Goal of the exercise = Lines from the line with "25.414222878), (28.1955961787, 14.5969468084))" to the line with "28.7809581965), (-34.4542698124, 14.5969468084))" in the entries below, and only those, must be output exactly, with both ends included.

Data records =

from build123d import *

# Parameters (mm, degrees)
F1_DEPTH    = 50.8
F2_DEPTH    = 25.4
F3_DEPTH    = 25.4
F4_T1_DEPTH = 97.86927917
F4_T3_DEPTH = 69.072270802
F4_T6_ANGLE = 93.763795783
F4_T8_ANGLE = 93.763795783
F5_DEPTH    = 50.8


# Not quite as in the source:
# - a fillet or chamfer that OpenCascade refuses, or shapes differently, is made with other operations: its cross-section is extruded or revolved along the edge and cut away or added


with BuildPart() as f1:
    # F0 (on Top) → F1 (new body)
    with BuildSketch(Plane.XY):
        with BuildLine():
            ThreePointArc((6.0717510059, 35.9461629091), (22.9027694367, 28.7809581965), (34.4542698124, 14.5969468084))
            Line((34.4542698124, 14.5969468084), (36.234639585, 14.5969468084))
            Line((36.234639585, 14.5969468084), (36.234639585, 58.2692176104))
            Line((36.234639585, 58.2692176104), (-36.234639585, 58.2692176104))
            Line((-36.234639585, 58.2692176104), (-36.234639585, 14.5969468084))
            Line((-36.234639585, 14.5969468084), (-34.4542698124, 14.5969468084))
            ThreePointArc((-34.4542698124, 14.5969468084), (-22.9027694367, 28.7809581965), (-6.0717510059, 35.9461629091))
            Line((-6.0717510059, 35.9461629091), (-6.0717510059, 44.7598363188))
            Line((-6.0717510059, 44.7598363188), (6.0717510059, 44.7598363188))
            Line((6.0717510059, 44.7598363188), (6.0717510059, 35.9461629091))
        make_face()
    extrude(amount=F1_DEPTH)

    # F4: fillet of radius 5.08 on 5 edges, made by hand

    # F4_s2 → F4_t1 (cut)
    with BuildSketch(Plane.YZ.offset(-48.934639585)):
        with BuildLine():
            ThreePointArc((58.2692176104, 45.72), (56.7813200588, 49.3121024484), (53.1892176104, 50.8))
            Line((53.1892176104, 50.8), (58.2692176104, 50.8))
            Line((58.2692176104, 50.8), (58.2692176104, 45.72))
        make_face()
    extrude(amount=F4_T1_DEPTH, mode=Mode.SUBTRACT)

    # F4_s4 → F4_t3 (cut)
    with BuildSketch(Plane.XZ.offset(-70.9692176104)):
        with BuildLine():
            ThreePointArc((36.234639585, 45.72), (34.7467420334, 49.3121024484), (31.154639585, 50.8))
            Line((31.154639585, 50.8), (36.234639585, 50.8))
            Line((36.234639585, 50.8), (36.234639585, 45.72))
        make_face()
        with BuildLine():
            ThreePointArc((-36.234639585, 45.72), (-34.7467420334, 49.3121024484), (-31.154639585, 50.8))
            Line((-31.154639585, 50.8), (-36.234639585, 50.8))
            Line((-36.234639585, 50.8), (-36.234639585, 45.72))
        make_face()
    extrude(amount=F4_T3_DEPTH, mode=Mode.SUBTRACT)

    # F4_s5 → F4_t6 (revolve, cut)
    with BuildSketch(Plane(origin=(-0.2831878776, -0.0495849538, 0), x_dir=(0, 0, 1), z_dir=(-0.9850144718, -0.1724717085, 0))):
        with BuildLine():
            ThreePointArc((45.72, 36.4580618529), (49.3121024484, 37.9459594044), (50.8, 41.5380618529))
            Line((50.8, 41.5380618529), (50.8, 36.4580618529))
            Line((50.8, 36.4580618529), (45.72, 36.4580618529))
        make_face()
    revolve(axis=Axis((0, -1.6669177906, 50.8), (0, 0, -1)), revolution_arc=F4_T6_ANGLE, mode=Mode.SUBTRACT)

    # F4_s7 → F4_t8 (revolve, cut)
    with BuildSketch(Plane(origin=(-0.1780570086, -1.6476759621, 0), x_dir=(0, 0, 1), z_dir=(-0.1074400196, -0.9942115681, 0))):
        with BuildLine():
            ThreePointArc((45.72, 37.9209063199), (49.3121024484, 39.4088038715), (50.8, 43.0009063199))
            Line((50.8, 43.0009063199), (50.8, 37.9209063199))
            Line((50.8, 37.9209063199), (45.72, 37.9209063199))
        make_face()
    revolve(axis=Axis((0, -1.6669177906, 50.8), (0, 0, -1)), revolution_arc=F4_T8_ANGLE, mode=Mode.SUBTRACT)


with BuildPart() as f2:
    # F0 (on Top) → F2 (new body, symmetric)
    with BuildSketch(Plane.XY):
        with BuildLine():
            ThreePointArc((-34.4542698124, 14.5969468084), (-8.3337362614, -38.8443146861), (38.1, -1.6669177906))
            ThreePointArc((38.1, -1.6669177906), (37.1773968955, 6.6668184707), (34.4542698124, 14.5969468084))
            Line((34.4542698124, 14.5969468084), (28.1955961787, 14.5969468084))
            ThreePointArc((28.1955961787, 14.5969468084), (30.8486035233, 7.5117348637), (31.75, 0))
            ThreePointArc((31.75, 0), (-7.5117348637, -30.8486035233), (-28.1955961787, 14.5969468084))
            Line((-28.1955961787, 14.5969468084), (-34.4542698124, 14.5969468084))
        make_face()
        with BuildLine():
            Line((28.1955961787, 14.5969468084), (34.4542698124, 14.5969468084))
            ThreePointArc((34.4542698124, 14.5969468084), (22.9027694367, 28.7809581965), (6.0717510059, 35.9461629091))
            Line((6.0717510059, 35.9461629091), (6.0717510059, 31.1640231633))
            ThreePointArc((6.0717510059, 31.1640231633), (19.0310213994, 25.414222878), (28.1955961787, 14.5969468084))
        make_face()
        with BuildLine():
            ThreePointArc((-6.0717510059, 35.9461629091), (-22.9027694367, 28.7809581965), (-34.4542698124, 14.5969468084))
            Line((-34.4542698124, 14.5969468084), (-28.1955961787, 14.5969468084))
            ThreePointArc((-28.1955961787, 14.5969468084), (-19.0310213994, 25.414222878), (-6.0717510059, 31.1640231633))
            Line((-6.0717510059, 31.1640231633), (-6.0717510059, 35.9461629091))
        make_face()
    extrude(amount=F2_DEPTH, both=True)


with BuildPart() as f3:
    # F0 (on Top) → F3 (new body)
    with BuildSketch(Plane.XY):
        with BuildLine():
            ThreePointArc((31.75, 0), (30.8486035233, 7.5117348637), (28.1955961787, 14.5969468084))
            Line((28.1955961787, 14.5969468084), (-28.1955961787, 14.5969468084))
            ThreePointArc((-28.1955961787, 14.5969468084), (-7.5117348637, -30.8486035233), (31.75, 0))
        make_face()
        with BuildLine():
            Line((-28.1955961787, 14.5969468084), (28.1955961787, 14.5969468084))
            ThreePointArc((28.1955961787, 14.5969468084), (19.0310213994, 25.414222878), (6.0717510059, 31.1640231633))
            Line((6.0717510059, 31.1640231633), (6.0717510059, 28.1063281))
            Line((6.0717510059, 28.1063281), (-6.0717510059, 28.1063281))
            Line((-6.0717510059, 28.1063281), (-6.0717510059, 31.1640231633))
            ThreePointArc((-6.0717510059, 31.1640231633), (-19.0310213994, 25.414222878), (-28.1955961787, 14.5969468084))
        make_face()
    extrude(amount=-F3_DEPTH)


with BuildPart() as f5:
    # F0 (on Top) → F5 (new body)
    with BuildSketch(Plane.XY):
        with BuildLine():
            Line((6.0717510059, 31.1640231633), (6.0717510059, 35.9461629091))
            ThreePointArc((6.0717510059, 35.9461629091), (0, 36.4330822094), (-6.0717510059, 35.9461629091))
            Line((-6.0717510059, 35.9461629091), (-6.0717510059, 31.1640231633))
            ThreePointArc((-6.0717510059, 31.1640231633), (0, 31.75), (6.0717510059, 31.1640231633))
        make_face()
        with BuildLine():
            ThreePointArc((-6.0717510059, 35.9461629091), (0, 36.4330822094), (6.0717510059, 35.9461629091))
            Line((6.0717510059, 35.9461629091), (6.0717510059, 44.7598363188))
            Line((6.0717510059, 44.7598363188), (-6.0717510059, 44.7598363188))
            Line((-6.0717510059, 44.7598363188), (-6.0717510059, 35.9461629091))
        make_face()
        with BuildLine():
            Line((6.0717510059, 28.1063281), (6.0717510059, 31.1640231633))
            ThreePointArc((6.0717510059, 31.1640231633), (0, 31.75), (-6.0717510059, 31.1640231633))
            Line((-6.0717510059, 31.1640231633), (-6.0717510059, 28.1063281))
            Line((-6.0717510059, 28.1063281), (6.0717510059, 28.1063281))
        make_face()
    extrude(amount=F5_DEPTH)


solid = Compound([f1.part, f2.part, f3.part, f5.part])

Output for this exercise =
            ThreePointArc((6.0717510059, 31.1640231633), (19.0310213994, 25.414222878), (28.1955961787, 14.5969468084))
        make_face()
        with BuildLine():
            ThreePointArc((-6.0717510059, 35.9461629091), (-22.9027694367, 28.7809581965), (-34.4542698124, 14.5969468084))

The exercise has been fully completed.